- [About this exercise]:
Everything from the first line of the records to the line containing "LegRR = [Xs,Ys,z_up];", inclusive, is to be extracted exactly, and nothing more.

-=-=-=-=-

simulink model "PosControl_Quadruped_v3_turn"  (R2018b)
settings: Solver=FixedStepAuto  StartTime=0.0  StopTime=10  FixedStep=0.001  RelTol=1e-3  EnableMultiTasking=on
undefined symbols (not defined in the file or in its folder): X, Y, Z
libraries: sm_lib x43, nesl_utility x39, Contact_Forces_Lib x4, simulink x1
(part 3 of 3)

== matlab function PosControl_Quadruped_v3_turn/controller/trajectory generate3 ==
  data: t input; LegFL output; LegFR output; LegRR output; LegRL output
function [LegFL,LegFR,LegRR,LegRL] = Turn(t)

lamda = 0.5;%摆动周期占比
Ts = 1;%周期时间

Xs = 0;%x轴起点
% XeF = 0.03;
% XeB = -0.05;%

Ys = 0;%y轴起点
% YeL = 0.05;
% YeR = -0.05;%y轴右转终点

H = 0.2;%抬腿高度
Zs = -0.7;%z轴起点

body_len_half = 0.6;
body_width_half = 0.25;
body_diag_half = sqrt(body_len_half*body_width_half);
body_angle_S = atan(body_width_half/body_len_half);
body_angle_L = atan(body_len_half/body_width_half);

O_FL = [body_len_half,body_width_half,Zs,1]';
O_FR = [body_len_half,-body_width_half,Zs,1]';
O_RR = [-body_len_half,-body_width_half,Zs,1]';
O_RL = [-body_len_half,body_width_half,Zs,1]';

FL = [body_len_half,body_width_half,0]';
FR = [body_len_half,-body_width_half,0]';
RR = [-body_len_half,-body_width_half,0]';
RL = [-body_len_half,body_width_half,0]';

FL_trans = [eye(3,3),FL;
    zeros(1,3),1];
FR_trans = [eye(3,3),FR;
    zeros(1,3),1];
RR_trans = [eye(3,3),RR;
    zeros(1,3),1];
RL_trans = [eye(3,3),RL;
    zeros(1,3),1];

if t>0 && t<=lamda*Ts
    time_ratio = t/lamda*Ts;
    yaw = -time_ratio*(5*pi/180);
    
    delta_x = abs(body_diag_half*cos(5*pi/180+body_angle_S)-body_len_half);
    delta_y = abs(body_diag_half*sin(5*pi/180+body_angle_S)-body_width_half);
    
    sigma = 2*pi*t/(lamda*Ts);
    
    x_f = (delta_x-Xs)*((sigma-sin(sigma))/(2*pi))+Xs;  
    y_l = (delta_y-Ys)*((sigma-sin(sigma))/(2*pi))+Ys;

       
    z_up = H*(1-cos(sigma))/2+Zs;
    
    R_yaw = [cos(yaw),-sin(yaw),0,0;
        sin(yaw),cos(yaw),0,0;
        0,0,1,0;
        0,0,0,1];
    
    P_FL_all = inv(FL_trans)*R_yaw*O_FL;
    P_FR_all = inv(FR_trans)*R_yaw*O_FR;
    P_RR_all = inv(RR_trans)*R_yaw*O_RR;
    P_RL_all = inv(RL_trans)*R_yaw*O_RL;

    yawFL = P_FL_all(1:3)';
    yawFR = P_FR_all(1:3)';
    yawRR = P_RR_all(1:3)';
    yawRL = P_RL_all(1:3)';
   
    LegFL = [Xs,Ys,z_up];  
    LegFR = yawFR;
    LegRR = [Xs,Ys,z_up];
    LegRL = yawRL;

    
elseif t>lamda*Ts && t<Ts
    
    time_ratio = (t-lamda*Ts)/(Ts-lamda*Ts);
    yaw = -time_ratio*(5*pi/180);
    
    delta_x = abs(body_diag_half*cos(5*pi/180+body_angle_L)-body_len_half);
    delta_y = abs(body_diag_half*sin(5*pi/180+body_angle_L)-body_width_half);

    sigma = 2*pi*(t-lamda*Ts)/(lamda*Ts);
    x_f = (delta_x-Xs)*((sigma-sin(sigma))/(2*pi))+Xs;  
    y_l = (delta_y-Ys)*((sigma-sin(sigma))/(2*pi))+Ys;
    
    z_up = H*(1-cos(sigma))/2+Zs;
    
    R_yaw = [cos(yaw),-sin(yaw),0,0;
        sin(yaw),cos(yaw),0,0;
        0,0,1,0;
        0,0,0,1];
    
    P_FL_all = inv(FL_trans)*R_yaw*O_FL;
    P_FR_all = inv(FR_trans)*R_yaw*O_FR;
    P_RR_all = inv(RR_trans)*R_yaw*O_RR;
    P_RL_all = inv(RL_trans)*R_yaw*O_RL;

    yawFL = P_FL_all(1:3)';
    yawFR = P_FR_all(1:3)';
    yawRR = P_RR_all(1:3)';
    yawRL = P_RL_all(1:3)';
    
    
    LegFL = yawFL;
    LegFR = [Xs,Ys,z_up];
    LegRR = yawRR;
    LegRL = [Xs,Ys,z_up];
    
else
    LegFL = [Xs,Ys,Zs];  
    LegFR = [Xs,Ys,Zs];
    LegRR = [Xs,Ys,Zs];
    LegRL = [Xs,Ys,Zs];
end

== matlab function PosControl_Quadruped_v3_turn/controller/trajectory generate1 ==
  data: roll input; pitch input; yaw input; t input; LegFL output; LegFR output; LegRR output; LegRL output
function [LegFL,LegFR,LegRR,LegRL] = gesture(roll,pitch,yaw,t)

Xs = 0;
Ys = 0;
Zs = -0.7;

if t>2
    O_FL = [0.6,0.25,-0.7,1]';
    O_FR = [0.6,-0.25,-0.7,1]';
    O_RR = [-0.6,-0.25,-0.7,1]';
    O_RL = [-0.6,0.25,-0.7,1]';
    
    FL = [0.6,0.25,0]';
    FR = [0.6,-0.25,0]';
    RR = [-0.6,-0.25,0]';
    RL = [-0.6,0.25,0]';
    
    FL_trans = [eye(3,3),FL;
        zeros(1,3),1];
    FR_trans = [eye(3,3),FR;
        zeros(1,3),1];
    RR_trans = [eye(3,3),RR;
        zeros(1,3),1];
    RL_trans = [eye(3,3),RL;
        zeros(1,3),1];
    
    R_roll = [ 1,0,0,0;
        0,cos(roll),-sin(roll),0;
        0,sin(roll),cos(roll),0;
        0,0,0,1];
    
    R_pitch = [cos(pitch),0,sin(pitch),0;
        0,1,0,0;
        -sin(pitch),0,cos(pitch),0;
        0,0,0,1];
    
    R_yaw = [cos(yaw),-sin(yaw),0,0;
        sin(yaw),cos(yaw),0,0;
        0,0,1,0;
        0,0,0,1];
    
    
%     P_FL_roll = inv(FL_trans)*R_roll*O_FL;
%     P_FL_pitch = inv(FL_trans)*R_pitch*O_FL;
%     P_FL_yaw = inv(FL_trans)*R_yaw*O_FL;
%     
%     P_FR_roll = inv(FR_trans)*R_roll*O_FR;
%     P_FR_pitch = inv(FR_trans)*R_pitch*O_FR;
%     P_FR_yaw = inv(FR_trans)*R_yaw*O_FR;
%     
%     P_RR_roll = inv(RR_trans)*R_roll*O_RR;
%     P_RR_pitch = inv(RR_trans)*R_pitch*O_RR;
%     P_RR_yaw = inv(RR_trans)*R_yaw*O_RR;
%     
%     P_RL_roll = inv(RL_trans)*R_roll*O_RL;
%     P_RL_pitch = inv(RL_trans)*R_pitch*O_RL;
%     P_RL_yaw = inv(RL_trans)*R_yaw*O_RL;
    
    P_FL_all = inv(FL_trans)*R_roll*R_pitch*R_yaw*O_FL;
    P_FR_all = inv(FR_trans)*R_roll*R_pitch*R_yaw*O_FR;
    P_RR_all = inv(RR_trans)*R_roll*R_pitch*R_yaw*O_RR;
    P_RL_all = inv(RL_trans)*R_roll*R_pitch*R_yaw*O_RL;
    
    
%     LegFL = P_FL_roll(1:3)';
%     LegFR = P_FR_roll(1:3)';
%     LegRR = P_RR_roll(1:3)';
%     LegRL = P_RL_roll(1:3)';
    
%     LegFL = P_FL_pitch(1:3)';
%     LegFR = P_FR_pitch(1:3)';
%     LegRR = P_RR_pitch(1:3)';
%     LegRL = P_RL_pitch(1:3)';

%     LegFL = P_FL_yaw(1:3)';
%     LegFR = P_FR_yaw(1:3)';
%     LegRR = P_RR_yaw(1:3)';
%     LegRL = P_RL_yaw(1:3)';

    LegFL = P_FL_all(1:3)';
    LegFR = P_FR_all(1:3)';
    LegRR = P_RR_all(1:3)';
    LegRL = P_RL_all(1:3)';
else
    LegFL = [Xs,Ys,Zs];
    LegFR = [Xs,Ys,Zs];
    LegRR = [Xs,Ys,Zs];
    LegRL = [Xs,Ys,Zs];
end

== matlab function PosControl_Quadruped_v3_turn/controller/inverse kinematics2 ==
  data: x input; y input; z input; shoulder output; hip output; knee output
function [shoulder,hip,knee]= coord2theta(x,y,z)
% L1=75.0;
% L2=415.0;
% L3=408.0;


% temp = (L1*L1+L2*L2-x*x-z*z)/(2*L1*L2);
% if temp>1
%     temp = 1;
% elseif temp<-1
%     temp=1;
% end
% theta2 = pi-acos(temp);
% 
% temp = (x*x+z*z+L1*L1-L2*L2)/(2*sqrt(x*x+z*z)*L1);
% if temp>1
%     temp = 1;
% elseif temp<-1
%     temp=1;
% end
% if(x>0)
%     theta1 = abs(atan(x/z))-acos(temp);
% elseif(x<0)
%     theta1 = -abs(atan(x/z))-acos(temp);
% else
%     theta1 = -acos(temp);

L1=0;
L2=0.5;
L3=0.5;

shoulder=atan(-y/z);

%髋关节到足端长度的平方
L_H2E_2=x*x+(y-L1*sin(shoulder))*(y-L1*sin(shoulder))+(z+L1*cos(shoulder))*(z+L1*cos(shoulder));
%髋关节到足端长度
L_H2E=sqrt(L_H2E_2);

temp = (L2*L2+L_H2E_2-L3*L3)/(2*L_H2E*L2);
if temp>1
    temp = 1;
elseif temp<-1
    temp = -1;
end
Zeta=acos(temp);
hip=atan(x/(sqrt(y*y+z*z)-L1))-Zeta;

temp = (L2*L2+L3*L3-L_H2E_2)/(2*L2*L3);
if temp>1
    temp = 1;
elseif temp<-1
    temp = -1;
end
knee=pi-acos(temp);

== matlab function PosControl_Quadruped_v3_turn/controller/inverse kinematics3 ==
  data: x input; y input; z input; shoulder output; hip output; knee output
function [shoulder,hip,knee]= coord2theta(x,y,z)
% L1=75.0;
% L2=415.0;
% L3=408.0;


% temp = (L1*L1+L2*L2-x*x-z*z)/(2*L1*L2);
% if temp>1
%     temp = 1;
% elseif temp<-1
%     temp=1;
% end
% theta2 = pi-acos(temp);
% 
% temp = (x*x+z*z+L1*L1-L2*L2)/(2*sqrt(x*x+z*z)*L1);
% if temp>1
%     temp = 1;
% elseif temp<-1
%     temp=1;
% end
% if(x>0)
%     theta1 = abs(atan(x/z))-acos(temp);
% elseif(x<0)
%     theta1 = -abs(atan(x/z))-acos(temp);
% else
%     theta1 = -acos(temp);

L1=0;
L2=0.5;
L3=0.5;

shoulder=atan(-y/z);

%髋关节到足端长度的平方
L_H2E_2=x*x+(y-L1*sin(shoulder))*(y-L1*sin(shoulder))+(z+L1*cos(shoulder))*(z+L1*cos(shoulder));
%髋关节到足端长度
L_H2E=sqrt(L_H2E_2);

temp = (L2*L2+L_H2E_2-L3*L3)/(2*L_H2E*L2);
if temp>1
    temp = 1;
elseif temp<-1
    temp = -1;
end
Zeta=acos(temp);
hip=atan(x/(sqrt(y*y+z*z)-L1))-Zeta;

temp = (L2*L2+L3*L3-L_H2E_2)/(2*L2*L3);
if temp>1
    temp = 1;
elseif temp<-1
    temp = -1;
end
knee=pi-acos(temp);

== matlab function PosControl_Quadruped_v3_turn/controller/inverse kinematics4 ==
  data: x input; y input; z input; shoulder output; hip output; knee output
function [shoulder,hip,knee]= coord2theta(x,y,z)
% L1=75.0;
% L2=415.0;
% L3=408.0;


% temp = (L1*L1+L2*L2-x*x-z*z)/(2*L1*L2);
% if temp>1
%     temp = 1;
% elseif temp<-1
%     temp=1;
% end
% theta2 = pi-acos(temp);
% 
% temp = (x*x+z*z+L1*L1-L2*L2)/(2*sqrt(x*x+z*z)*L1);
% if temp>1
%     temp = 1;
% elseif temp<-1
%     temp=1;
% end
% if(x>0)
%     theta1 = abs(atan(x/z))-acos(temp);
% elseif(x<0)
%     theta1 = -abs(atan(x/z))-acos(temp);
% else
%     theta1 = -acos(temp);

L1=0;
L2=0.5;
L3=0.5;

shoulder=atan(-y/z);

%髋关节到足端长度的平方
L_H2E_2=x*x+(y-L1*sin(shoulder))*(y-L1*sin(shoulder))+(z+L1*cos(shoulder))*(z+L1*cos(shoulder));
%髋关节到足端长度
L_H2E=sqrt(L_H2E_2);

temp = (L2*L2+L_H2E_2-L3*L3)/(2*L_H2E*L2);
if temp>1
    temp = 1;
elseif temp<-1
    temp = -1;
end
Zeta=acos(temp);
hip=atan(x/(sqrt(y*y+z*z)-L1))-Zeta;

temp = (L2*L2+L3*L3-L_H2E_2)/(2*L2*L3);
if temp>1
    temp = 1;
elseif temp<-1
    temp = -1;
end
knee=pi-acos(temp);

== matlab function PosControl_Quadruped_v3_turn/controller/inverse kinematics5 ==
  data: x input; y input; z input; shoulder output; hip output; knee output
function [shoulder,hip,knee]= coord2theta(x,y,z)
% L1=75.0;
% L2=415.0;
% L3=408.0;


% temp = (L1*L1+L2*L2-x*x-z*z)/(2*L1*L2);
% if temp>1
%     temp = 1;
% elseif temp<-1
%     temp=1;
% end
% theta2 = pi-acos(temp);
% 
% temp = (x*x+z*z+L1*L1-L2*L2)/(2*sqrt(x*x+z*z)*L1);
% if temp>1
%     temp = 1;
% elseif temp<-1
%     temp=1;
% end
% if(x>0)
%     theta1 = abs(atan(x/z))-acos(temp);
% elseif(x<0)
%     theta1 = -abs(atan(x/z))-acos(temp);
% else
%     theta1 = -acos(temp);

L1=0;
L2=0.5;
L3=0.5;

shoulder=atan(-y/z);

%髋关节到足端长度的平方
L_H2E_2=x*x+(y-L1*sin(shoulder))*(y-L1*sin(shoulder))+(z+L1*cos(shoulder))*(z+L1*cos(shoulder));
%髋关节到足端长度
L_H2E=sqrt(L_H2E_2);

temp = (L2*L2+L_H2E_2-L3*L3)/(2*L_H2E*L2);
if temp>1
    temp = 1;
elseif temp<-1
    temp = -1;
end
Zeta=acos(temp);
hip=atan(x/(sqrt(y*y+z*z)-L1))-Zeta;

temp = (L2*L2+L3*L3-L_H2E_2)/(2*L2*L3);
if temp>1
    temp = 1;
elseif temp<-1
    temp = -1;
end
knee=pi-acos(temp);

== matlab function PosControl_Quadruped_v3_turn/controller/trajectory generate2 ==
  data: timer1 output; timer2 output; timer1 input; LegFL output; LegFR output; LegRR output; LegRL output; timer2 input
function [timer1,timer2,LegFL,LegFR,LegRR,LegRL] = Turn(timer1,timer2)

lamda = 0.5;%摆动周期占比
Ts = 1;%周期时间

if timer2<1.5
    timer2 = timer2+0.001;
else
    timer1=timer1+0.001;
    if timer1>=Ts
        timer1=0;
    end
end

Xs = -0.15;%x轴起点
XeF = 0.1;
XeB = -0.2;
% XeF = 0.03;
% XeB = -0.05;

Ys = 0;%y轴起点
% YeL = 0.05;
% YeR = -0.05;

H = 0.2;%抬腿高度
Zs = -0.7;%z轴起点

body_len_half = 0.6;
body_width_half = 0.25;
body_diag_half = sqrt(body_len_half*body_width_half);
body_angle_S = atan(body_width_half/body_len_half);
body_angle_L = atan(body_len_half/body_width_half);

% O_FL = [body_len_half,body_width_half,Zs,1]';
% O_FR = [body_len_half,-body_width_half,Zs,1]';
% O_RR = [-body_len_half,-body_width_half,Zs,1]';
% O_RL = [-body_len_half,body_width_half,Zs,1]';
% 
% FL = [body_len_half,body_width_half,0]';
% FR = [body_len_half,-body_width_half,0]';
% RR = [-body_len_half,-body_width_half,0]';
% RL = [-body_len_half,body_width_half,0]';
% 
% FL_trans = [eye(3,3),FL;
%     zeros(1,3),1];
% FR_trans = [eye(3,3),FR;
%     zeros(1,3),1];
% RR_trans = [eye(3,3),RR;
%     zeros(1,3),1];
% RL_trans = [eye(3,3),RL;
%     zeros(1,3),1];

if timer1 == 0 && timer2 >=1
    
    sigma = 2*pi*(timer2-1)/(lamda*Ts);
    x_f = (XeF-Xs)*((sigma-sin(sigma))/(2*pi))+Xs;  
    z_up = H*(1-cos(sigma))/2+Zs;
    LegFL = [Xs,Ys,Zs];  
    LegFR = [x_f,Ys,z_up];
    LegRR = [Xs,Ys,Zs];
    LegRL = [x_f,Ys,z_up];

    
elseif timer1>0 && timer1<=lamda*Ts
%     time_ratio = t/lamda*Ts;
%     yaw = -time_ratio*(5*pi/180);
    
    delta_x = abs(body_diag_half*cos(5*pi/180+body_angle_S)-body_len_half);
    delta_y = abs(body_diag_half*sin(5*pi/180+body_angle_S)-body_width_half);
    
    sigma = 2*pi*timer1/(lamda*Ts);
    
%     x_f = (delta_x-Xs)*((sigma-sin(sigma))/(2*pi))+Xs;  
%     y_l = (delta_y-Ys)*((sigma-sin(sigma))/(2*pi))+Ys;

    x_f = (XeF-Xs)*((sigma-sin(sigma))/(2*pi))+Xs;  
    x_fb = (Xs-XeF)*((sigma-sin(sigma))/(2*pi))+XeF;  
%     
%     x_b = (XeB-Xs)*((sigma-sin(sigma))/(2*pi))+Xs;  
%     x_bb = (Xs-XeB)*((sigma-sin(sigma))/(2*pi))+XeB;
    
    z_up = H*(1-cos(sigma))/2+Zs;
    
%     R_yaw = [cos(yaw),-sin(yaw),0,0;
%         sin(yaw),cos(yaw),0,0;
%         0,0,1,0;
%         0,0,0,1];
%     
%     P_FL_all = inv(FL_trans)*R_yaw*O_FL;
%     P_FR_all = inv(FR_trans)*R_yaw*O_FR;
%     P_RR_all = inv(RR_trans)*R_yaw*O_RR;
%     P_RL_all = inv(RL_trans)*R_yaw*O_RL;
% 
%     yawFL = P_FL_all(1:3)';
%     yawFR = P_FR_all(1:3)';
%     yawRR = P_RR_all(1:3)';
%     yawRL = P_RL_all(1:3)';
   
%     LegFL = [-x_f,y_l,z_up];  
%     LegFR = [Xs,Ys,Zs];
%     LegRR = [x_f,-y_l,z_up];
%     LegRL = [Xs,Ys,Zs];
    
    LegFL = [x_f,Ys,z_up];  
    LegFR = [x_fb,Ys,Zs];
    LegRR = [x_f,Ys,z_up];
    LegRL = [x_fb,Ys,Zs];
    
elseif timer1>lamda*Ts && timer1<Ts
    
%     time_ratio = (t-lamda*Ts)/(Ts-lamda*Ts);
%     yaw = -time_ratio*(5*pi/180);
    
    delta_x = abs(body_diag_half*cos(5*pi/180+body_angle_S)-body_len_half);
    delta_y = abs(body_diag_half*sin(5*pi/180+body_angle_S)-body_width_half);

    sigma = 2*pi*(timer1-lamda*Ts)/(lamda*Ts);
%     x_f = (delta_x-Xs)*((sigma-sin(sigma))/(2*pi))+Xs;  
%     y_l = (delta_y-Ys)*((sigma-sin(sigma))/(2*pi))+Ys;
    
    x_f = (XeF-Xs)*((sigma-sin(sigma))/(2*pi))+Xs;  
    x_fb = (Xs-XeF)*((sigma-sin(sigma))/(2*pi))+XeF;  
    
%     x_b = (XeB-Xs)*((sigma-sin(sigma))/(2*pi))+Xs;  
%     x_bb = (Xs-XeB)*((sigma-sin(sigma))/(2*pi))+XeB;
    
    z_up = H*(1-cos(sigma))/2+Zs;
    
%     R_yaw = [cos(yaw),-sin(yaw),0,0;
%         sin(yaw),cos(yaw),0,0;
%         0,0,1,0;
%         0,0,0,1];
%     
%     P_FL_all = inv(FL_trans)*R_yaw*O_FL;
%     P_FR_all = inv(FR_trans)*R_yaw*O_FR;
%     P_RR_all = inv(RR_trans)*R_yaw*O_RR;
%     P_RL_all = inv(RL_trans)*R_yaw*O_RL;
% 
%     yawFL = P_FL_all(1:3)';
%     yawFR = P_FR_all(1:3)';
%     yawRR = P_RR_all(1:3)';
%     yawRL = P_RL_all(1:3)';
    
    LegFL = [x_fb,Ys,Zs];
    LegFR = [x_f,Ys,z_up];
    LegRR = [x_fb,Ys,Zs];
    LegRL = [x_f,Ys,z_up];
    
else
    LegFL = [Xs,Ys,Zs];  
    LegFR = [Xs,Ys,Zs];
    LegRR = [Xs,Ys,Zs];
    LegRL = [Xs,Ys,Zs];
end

-=-=-=-=-

- [Completed task]:
simulink model "PosControl_Quadruped_v3_turn"  (R2018b)
settings: Solver=FixedStepAuto  StartTime=0.0  StopTime=10  FixedStep=0.001  RelTol=1e-3  EnableMultiTasking=on
undefined symbols (not defined in the file or in its folder): X, Y, Z
libraries: sm_lib x43, nesl_utility x39, Contact_Forces_Lib x4, simulink x1
(part 3 of 3)

== matlab function PosControl_Quadruped_v3_turn/controller/trajectory generate3 ==
  data: t input; LegFL output; LegFR output; LegRR output; LegRL output
function [LegFL,LegFR,LegRR,LegRL] = Turn(t)

lamda = 0.5;%摆动周期占比
Ts = 1;%周期时间

Xs = 0;%x轴起点
% XeF = 0.03;
% XeB = -0.05;%

Ys = 0;%y轴起点
% YeL = 0.05;
% YeR = -0.05;%y轴右转终点

H = 0.2;%抬腿高度
Zs = -0.7;%z轴起点

body_len_half = 0.6;
body_width_half = 0.25;
body_diag_half = sqrt(body_len_half*body_width_half);
body_angle_S = atan(body_width_half/body_len_half);
body_angle_L = atan(body_len_half/body_width_half);

O_FL = [body_len_half,body_width_half,Zs,1]';
O_FR = [body_len_half,-body_width_half,Zs,1]';
O_RR = [-body_len_half,-body_width_half,Zs,1]';
O_RL = [-body_len_half,body_width_half,Zs,1]';

FL = [body_len_half,body_width_half,0]';
FR = [body_len_half,-body_width_half,0]';
RR = [-body_len_half,-body_width_half,0]';
RL = [-body_len_half,body_width_half,0]';

FL_trans = [eye(3,3),FL;
    zeros(1,3),1];
FR_trans = [eye(3,3),FR;
    zeros(1,3),1];
RR_trans = [eye(3,3),RR;
    zeros(1,3),1];
RL_trans = [eye(3,3),RL;
    zeros(1,3),1];

if t>0 && t<=lamda*Ts
    time_ratio = t/lamda*Ts;
    yaw = -time_ratio*(5*pi/180);
    
    delta_x = abs(body_diag_half*cos(5*pi/180+body_angle_S)-body_len_half);
    delta_y = abs(body_diag_half*sin(5*pi/180+body_angle_S)-body_width_half);
    
    sigma = 2*pi*t/(lamda*Ts);
    
    x_f = (delta_x-Xs)*((sigma-sin(sigma))/(2*pi))+Xs;  
    y_l = (delta_y-Ys)*((sigma-sin(sigma))/(2*pi))+Ys;

       
    z_up = H*(1-cos(sigma))/2+Zs;
    
    R_yaw = [cos(yaw),-sin(yaw),0,0;
        sin(yaw),cos(yaw),0,0;
        0,0,1,0;
        0,0,0,1];
    
    P_FL_all = inv(FL_trans)*R_yaw*O_FL;
    P_FR_all = inv(FR_trans)*R_yaw*O_FR;
    P_RR_all = inv(RR_trans)*R_yaw*O_RR;
    P_RL_all = inv(RL_trans)*R_yaw*O_RL;

    yawFL = P_FL_all(1:3)';
    yawFR = P_FR_all(1:3)';
    yawRR = P_RR_all(1:3)';
    yawRL = P_RL_all(1:3)';
   
    LegFL = [Xs,Ys,z_up];  
    LegFR = yawFR;
    LegRR = [Xs,Ys,z_up];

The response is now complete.